Genes involved in hemorrhagic transformations that follow recombinant t-PA treatment in stroke patients.

机构信息

Neurovascular Research Laboratory & Neurovascular Unit, Department of Neurology, Vall d'Hebron University Hospital, Departamento de Medicina, Universitat Autonoma de Barcelona, Vall d'Hebron Research Institute, 119-129, 08035 Barcelona, Spain.

出版信息

Pharmacogenomics. 2013 Apr;14(5):495-504. doi: 10.2217/pgs.13.19.

Abstract

AIM

Despite the benefits of recombinant t-PA (rt-PA) for stroke patients some of them suffer from adverse hemorrhagic transformations (HTs) following treatment. Our objective is to study the transcriptomics of HTs patients.

METHODS

We studied by microarrays 11 blood samples from patients with stroke that had received rt-PA of whom six of them had suffered a HT. For replication step RNA was collected from 14 new subjects (seven with HT, seven without) and then analyzed by real-time PCR. Four proteins were measured by ELISA in 72 new subjects to analyze their role as potential protein biomarkers.

RESULTS

The microarray analysis revealed that 14 genes were altered among the HT patients. The replication study confirmed these results for six genes. Two of them (BCL2 and OLFM4) are associated with apoptosis, whereas the other four (LTF, LCN2 [also known as NGAL], CEACAM8 and CRISP3) are involved in the regulation of neutrophil processes.

CONCLUSION

Our data revealed that genes related to apoptosis and neutrophil regulation pathways could be associated with HTs after rt-PA.

摘要

目的

尽管重组组织型纤溶酶原激活剂(rt-PA)对脑卒中患者有益,但其中一些患者在接受治疗后会出现不良的出血性转化(HTs)。
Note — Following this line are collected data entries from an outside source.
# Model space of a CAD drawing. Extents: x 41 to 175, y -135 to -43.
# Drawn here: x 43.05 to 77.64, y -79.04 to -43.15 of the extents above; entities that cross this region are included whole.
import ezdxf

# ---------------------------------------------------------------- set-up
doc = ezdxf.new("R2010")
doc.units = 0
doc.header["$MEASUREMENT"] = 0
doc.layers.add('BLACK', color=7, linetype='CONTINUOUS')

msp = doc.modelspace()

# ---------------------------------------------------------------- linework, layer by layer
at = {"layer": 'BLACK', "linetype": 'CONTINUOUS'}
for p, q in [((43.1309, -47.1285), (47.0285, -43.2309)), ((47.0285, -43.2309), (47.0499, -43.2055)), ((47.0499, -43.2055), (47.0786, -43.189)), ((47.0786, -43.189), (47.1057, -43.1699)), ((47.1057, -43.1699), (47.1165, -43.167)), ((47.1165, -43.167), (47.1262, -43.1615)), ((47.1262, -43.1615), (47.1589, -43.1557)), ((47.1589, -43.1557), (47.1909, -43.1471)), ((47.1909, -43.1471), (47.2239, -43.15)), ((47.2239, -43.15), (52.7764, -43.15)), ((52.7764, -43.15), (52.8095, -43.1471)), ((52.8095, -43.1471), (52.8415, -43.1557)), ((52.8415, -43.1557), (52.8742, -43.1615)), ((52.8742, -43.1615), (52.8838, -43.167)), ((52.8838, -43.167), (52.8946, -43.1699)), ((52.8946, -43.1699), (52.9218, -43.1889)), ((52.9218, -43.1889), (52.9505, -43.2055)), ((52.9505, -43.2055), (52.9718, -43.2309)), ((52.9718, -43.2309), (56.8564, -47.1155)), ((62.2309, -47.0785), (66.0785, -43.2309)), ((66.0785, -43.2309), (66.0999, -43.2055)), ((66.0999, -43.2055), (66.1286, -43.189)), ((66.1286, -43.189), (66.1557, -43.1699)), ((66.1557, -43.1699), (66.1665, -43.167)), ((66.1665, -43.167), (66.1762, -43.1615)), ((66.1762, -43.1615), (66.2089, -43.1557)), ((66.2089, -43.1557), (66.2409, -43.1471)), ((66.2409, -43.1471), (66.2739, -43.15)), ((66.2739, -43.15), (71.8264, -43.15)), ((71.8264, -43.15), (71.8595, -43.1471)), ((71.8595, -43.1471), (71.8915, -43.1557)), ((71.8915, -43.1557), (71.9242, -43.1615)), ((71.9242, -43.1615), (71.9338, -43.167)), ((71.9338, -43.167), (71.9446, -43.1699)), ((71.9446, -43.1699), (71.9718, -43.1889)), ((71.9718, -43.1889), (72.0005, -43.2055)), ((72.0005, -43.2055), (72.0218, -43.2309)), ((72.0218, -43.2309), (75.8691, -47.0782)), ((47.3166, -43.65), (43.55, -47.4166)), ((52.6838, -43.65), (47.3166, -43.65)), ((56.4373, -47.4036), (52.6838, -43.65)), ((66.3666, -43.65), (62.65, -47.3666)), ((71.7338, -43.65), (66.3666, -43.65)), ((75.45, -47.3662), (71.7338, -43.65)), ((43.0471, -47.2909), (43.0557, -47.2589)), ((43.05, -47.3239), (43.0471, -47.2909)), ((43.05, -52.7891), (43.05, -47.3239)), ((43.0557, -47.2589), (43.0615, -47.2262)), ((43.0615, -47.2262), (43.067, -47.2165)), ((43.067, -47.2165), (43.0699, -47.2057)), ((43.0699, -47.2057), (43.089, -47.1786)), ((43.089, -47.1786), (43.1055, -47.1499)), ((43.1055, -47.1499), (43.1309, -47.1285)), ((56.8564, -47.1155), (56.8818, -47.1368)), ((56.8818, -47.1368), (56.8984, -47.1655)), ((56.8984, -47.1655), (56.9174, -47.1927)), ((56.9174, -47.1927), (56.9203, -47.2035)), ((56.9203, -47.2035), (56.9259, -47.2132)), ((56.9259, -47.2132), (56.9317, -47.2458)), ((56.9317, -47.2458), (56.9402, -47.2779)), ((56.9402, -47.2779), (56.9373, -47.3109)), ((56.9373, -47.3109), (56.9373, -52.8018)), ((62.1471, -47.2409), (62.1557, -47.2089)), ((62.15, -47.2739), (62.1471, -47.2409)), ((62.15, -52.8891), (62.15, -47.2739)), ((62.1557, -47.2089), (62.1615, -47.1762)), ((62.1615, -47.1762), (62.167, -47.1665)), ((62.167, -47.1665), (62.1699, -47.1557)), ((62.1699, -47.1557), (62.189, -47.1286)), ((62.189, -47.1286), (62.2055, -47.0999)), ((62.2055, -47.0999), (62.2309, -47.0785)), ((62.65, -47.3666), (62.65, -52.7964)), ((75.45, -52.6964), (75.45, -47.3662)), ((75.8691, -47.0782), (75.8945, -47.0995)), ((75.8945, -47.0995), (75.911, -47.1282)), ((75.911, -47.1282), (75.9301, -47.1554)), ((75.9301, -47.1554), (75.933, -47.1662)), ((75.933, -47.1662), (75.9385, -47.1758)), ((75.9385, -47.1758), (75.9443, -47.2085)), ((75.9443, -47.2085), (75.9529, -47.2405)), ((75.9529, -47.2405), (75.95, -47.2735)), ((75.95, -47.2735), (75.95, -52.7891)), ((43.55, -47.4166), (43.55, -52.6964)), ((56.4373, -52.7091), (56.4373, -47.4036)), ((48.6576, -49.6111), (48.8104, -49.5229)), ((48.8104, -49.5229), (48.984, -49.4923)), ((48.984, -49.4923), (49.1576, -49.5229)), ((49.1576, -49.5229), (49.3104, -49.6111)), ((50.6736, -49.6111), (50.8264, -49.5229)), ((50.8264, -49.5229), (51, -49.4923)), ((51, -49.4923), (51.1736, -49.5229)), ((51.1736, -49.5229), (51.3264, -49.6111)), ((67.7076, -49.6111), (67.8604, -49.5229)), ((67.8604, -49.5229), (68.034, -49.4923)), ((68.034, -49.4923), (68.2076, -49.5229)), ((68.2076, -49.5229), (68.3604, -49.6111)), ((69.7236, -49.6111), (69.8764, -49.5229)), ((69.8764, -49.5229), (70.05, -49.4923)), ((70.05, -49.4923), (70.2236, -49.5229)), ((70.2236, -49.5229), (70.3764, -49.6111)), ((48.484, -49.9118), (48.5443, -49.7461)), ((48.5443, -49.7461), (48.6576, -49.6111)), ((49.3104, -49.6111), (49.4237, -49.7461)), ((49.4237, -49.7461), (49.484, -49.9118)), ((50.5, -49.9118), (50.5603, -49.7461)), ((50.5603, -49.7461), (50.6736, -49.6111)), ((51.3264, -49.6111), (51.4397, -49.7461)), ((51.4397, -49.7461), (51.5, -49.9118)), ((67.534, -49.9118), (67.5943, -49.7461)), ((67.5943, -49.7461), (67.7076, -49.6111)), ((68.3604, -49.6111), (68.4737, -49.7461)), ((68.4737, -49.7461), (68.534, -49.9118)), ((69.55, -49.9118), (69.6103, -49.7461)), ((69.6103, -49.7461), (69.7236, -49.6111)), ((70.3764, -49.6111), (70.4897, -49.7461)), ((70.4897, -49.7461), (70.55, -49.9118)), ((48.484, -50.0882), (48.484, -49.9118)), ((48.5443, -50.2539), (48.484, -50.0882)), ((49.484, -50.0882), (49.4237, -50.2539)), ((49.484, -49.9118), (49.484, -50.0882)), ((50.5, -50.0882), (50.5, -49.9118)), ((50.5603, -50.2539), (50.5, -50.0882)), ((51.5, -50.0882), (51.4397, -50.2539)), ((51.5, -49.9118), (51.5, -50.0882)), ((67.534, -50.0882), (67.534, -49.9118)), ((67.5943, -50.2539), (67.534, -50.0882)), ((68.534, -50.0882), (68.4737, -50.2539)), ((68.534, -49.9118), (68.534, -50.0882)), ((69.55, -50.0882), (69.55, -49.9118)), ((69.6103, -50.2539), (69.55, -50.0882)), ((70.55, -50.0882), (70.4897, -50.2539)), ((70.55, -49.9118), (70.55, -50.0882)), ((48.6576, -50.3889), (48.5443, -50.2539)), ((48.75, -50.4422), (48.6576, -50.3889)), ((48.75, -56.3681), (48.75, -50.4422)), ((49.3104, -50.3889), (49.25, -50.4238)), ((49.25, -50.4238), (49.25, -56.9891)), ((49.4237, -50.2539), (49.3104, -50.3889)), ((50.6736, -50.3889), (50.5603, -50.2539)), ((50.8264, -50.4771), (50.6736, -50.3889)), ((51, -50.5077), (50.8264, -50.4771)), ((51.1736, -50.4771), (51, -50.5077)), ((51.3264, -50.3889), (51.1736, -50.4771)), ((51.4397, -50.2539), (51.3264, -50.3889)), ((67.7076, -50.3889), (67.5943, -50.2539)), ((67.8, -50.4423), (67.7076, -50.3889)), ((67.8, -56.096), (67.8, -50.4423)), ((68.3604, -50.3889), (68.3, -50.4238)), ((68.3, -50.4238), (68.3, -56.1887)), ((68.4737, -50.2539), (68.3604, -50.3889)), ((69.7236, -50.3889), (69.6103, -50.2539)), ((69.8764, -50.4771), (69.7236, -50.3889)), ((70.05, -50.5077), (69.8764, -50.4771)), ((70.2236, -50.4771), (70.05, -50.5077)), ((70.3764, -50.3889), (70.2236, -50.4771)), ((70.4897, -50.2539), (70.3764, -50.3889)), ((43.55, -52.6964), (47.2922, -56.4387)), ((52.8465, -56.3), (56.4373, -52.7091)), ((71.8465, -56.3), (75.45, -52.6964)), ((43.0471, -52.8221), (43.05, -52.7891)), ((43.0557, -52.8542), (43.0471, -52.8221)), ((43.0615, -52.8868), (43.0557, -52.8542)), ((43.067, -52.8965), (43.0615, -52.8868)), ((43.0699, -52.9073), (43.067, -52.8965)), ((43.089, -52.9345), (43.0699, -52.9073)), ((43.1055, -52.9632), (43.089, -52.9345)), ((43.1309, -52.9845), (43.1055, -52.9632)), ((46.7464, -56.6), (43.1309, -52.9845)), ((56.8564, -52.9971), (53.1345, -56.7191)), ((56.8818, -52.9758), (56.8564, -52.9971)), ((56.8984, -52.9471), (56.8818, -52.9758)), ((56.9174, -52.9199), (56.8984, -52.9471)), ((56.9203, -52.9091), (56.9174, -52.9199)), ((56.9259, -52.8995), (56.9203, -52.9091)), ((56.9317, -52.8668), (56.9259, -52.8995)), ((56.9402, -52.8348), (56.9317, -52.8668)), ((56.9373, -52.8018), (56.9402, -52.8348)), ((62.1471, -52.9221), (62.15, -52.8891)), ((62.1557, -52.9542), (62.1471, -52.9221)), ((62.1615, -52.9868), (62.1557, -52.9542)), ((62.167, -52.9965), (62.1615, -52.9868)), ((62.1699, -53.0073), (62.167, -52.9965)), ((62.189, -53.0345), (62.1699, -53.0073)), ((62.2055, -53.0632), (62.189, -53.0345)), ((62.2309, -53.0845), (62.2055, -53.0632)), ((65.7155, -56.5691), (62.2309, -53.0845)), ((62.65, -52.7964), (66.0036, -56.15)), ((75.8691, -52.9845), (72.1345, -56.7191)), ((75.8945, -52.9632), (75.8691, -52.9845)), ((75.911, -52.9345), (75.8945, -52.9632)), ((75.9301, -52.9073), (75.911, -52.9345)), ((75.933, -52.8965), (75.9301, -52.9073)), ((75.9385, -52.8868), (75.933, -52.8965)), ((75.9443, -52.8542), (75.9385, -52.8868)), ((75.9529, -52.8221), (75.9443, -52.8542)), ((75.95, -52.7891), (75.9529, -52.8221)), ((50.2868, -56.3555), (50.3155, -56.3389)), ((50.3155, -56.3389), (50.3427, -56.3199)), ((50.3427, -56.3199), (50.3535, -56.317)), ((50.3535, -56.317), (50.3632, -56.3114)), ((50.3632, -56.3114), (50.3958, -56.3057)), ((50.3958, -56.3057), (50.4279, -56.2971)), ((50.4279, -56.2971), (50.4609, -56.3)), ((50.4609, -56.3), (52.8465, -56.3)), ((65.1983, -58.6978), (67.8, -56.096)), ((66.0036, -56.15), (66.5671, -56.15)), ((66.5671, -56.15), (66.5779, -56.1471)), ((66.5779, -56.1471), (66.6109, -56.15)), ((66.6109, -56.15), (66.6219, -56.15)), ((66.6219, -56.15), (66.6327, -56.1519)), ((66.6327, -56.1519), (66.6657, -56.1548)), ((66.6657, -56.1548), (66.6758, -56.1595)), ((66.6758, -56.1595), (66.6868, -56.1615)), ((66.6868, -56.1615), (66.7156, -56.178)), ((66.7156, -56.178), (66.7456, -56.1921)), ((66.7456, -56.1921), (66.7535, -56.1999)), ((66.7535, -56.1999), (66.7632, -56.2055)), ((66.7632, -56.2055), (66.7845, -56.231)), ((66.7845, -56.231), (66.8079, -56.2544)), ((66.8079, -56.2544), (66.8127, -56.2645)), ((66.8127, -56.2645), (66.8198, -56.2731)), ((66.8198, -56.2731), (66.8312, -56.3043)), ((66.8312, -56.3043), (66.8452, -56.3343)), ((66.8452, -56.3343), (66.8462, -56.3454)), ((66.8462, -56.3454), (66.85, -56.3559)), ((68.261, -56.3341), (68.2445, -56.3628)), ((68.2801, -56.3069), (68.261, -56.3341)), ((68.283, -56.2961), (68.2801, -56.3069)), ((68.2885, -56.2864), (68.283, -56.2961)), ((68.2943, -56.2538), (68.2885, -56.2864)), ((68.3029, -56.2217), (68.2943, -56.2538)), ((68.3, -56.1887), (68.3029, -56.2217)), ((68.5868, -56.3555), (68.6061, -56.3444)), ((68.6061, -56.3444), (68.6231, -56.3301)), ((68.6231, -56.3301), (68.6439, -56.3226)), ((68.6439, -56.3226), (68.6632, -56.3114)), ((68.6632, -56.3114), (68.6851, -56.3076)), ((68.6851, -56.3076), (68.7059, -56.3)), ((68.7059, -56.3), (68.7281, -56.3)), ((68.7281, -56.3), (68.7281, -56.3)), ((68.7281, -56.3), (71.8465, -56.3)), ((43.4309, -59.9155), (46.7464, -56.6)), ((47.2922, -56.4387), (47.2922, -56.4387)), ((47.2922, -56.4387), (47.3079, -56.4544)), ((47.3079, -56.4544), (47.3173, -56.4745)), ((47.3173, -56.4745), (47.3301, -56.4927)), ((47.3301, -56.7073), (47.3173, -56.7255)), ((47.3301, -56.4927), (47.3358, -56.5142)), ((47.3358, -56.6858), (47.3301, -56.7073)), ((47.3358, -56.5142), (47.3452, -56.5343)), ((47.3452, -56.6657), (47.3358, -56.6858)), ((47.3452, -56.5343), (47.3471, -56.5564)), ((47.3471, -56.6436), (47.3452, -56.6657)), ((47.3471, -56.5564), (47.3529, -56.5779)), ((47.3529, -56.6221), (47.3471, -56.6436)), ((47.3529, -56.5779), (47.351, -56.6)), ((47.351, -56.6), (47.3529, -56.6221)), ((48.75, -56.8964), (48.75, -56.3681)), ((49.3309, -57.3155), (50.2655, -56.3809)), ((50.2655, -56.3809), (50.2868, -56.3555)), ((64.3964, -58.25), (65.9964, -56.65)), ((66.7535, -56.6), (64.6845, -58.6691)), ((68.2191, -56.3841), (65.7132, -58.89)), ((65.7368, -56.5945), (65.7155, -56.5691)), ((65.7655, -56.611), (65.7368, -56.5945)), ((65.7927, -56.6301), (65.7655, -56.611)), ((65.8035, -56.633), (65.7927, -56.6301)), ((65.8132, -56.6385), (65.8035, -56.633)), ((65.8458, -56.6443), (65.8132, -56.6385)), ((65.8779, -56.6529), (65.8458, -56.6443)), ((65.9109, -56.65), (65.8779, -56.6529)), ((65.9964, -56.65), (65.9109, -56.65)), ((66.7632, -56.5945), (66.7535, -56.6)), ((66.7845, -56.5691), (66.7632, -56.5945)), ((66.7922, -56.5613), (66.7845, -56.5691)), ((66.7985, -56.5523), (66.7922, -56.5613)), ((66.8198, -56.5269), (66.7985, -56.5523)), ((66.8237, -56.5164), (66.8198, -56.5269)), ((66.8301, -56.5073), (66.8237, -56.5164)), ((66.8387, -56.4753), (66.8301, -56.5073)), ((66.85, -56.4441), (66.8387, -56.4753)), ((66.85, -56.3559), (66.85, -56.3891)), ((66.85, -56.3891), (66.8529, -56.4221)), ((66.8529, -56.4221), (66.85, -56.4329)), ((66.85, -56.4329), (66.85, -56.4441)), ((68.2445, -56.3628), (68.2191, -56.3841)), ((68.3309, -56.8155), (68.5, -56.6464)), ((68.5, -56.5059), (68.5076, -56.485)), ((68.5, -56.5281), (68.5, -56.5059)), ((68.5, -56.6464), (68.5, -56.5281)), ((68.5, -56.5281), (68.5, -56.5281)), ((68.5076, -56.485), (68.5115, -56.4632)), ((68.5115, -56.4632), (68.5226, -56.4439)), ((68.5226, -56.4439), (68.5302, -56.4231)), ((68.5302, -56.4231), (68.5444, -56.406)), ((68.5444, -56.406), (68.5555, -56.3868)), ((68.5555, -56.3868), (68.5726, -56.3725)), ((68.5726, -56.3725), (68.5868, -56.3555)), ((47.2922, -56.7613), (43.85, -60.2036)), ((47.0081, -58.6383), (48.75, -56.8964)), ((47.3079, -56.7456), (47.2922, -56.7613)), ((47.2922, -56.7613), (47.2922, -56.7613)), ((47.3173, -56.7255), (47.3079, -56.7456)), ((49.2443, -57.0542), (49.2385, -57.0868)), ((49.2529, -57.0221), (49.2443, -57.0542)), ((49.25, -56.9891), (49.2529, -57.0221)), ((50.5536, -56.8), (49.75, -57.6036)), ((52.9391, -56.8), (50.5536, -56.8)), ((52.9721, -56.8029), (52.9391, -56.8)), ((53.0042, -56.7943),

我们的目的是研究 HTs 患者的转录组学。

方法

我们通过微阵列分析了 11 名接受 rt-PA 治疗的脑卒中患者的血液样本,其中 6 名患者发生了 HT。在复制阶段,我们从 14 名新患者(7 名发生 HT,7 名未发生)中收集 RNA,并通过实时 PCR 进行分析。我们在 72 名新患者中测量了 4 种蛋白质,以分析它们作为潜在蛋白生物标志物的作用。

结果

微阵列分析显示,14 个基因在 HT 患者中发生改变。复制研究证实了这 6 个基因的结果。其中两个基因(BCL2 和 OLFM4)与细胞凋亡有关,而其他四个基因(LTF、LCN2[也称为 NGAL]、CEACAM8 和 CRISP3)与中性粒细胞过程的调节有关。

结论

我们的数据显示,与细胞凋亡和中性粒细胞调节途径相关的基因可能与 rt-PA 后 HTs 有关。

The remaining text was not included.